Rather than viewing the integration of LLMs into software development with apprehension, let us embrace it as an opportunity for growth, innovation, and the redefinition of our roles. Far from relegating us to mere overseers of code, AI offers us the keys to new kingdoms of creativity and problem-solving. By welcoming innovation, championing continuous learning, and adhering to ethical principles, we can navigate the challenges and seize the opportunities that lie ahead.
With respect and optimism for our shared future,
A Fellow Tester (with a development mindset)
It looks as though this post was written by ChatGPT. “The ever-changing landscape of technology, a realm where evolution is the only constant” is something of a tell.
“Viewing LLMs as tools that augment rather than replace our capabilities is essential. These models promise to liberate us further, automating the mundane and allowing us to dedicate our intellect and creativity to higher-order design challenges and solutions.”
Well.. really? I mean: do you consider replying here to be a mundane task? And what is the current status of that promise?
“The concern that LLMs will churn out ‘mountains of mediocre and unreliable code’ is to overlook the iterative nature of technology and the symbiotic relationship between human intelligence and artificial assistance.”
No, it is not. To be concerned is the opposite of overlooking something.
“The prospect of overseeing ‘barely competent programmers’ in the form of AI, as you put it, underscores not a future of frustration but one of opportunity.”
This is some strange meaning of “opportunity” that I hadn’t previously been familiar with.
“The ethical deployment of AI in software development is a shared responsibility, requiring us to ensure that these tools are developed and utilized in ways that are transparent, equitable, and aligned with societal values.”
That’s right. And that requires critique, not just cheerleading — and especially not just cheerleading written by a bot.
It’s hard for me to take this reply seriously, MJB, because I don’t believe that you wrote it. It looks like you got an LLM to write it, and you merely approved it. The message that you’re sending, implicitly, is that you’re not really willing to take the time and effort to engage your own mind; let the bot do the work. What if I were to reply with a bot-generated reply of my own? Would you read it? Would you take it seriously? Is it a good idea to let the bots fight it out? Would either one of us learn anything from that?
I recommend this article from Cory Doctorow to help you understand why I think that approach is a problem.
I wonder what the response would be if the LLM was instructed to write a “pessimistic” reply. Can it?
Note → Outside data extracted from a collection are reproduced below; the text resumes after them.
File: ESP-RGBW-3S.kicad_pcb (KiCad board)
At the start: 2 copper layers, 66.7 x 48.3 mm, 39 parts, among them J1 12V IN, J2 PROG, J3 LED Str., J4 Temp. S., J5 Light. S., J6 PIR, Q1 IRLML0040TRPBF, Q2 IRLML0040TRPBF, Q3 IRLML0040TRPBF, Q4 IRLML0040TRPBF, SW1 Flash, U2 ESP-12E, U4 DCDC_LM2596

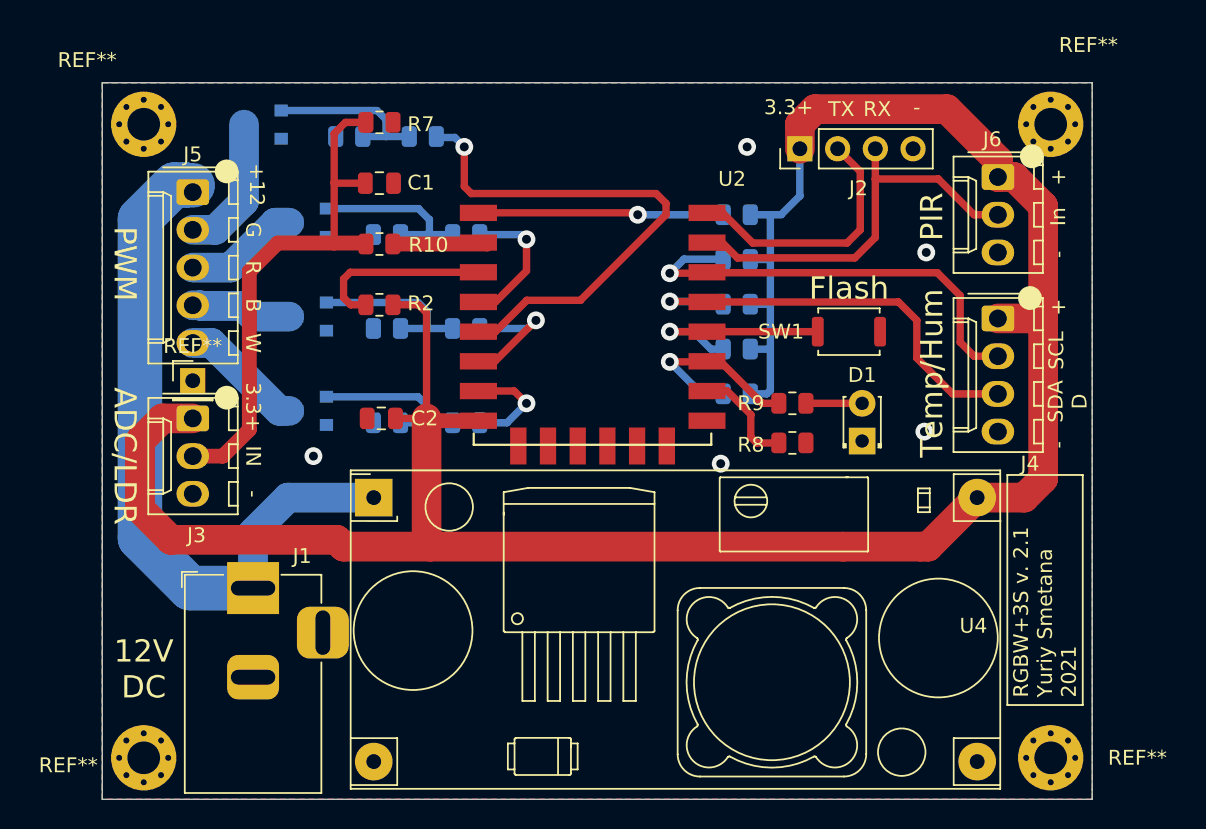
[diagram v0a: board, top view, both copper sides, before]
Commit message: silc correction, optional extra GND for J6
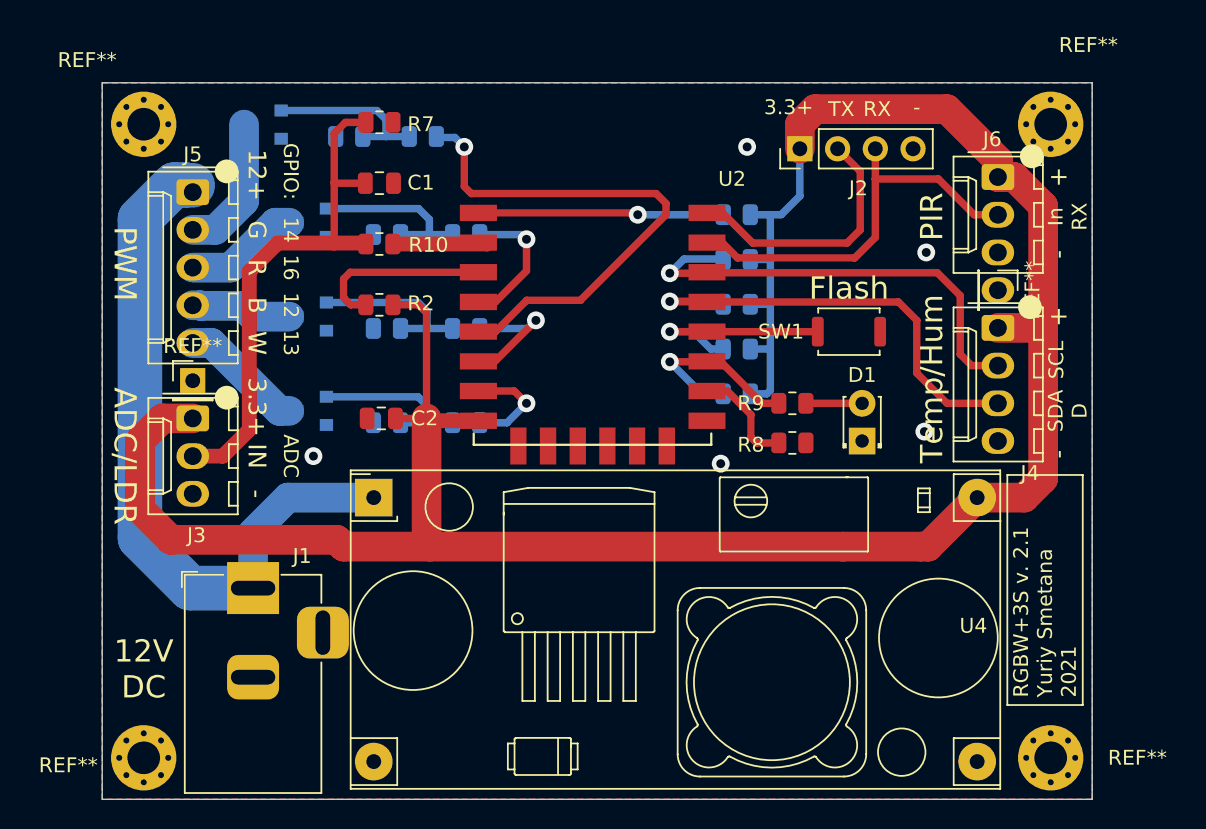
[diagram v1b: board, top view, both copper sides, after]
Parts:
- added REF**: PinHeader_1x01_P2.54mm_Vertical, Connector_PinHeader_2.54mm:PinHeader_1x01_P2.54mm_Vertical, F.Cu at (79.4, 39.4)
- moved J4 0.63 mm to (79.4, 41.9)
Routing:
- net /SDA-DATA: track 30.0 -> 30.8 mm
- net /SCL: track 30.9 -> 31.7 mm
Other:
- board text added: "12"
- board text added: "12+"
- board text added: "13"
- board text added: "14"
- board text added: "16"
- board text added: "ADC"
- board text added: "GPIO:"
- board text added: "In RX"
- board text removed: "+12"
- board text removed: "In"

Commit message: Update ESP-RGBW-3S.kicad_pcb
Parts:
- turned REF** to 270 degrees
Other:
- board text added: "RGBW-3S v. 2.3 Yuriy Smetana 2021"
- board text added: "RX In"
- board text removed: "In RX"
- board text removed: "RGBW+3S v. 2.1 Yuriy Smetana 2021"
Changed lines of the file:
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@@
   (page A4)
   (layers
-    (0 F.Cu signal)
+    (0 F.Cu signal hide)
     (31 B.Cu signal hide)
     (32 B.Adhes user hide)
@@
     (descr "Through hole straight pin header, 1x01, 2.54mm pitch, single row")
     (tags "Through hole pin header THT 1x01 2.54mm single row")
-    (fp_text reference REF** (at 0 -2.33 90) (layer F.SilkS)
+    (fp_text reference REF** (at -0.127 -7.747 90) (layer F.SilkS) hide
       (effects (font (size 1 1) (thickness 0.15)))
     )
@@
       (effects (font (size 1 1) (thickness 0.15)))
     )
-    (pad 6* thru_hole oval (at 0 0 270) (size 1.74 2.2) (drill 1.2) (layers *.Cu *.Mask)
+    (pad 4* thru_hole oval (at 0 0 270) (size 1.74 2.2) (drill 1.2) (layers *.Cu *.Mask)
       (net 1 GND))
     (model ${KISYS3DMOD}/Connector_PinHeader_2.54mm.3dshapes/PinHeader_1x01_P2.54mm_Vertical.wrl
@@
   )
   (module Connector_PinHeader_2.54mm:PinHeader_1x01_P2.54mm_Vertical (layer F.Cu)
-    (at 25.146 45.466)
+    (at 25.146 45.466 270)
     (descr "Through hole straight pin header, 1x01, 2.54mm pitch, single row")
     (tags "Through hole pin header THT 1x01 2.54mm single row")
-    (fp_text reference REF** (at 0 -2.33) (layer F.SilkS)
-      (effects (font (size 1 1) (thickness 0.15)))
-    )
-    (fp_text value PinHeader_1x01_P2.54mm_Vertical (at 0 2.33) (layer F.Fab)
-      (effects (font (size 1 1) (thickness 0.15)))
-    )
-    (fp_text user %R (at 0 0 90) (layer F.Fab)
+    (fp_text reference REF** (at 0 7.747 90) (layer F.SilkS) hide
+      (effects (font (size 1 1) (thickness 0.15)))
+    )
+    (fp_text value PinHeader_1x01_P2.54mm_Vertical (at 0 2.33 90) (layer F.Fab)
+      (effects (font (size 1 1) (thickness 0.15)))
+    )
+    (fp_text user %R (at 0 0) (layer F.Fab)
       (effects (font (size 1 1) (thickness 0.15)))
     )
@@
     (fp_line (start 1.8 1.8) (end 1.8 -1.8) (layer F.CrtYd) (width 0.05))
     (fp_line (start 1.8 -1.8) (end -1.8 -1.8) (layer F.CrtYd) (width 0.05))
-    (pad 6* thru_hole rect (at 0 0) (size 1.7 1.7) (drill 1) (layers *.Cu *.Mask)
+    (pad 6* thru_hole oval (at 0 0 270) (size 1.74 2.2) (drill 1.2) (layers *.Cu *.Mask)
       (net 1 GND))
     (model ${KISYS3DMOD}/Connector_PinHeader_2.54mm.3dshapes/PinHeader_1x01_P2.54mm_Vertical.wrl
@@
     (descr "Molex KK-254 Interconnect System, old/engineering part number: AE-6410-04A example for new part number: 22-27-2041, 4 Pins (http://www.molex.com/pdm_docs/sd/022272021_sd.pdf), generated with kicad-footprint-generator")
     (tags "connector Molex KK-254 side entry")
-    (fp_text reference J4 (at 9.779 -2.159 180) (layer F.SilkS)
+    (fp_text reference J4 (at 10.16 -2.413 180) (layer F.SilkS)
       (effects (font (size 1 1) (thickness 0.15)))
     )
@@
   (gr_line (start 19.05 73.025) (end 19.05 73.66) (layer Edge.Cuts) (width 0.05))
   (gr_line (start 85.725 73.025) (end 85.725 73.66) (layer Edge.Cuts) (width 0.05))
-  (gr_line (start 85.09 51.816) (end 80.01 51.816) (layer F.SilkS) (width 0.12))
-  (gr_line (start 85.09 67.31) (end 85.09 51.816) (layer F.SilkS) (width 0.12))
+  (gr_line (start 85.09 53.848) (end 80.01 53.848) (layer F.SilkS) (width 0.12))
+  (gr_line (start 85.09 67.31) (end 85.09 53.848) (layer F.SilkS) (width 0.12))
   (gr_line (start 80.01 67.31) (end 85.09 67.31) (layer F.SilkS) (width 0.12))
-  (gr_line (start 80.01 51.816) (end 80.01 67.31) (layer F.SilkS) (width 0.12))
+  (gr_line (start 80.01 53.848) (end 80.01 67.31) (layer F.SilkS) (width 0.12))
   (gr_text JLCJLCJLCJLC (at 29.972 70.866) (layer B.SilkS)
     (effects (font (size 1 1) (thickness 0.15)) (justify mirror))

My stab at it would be something like “In a world where everyone can write a symphony, most people still won’t, and in fact writing a symphony will look less rewarding than it does now.” Or to put it another way: television, and then the Internet, *did* unlock a Cambrian explosion of human creativity and ingenuity, just not the kind you expected and, increasingly, not the kind you wanted.
I wonder what the response would be if the LLM was instructed to write a “pessimistic” reply. Can it?
Oh, probably. And, as we might anticipate, it will be a fairly banal and uninspiring pessimistic reply.
television, and then the Internet, *did* unlock a Cambrian explosion of human creativity and ingenuity, just not the kind you expected and, increasingly, not the kind you wanted.
Yes. I don’t think I could match the succinctness and clarity of Paul Virilio’s observation: “When you invent the ship, you also invent the shipwreck; when you invent the plane you also invent the plane crash; and when you invent electricity, you invent electrocution… Every technology carries its own negativity, which is invented at the same time as technical progress.”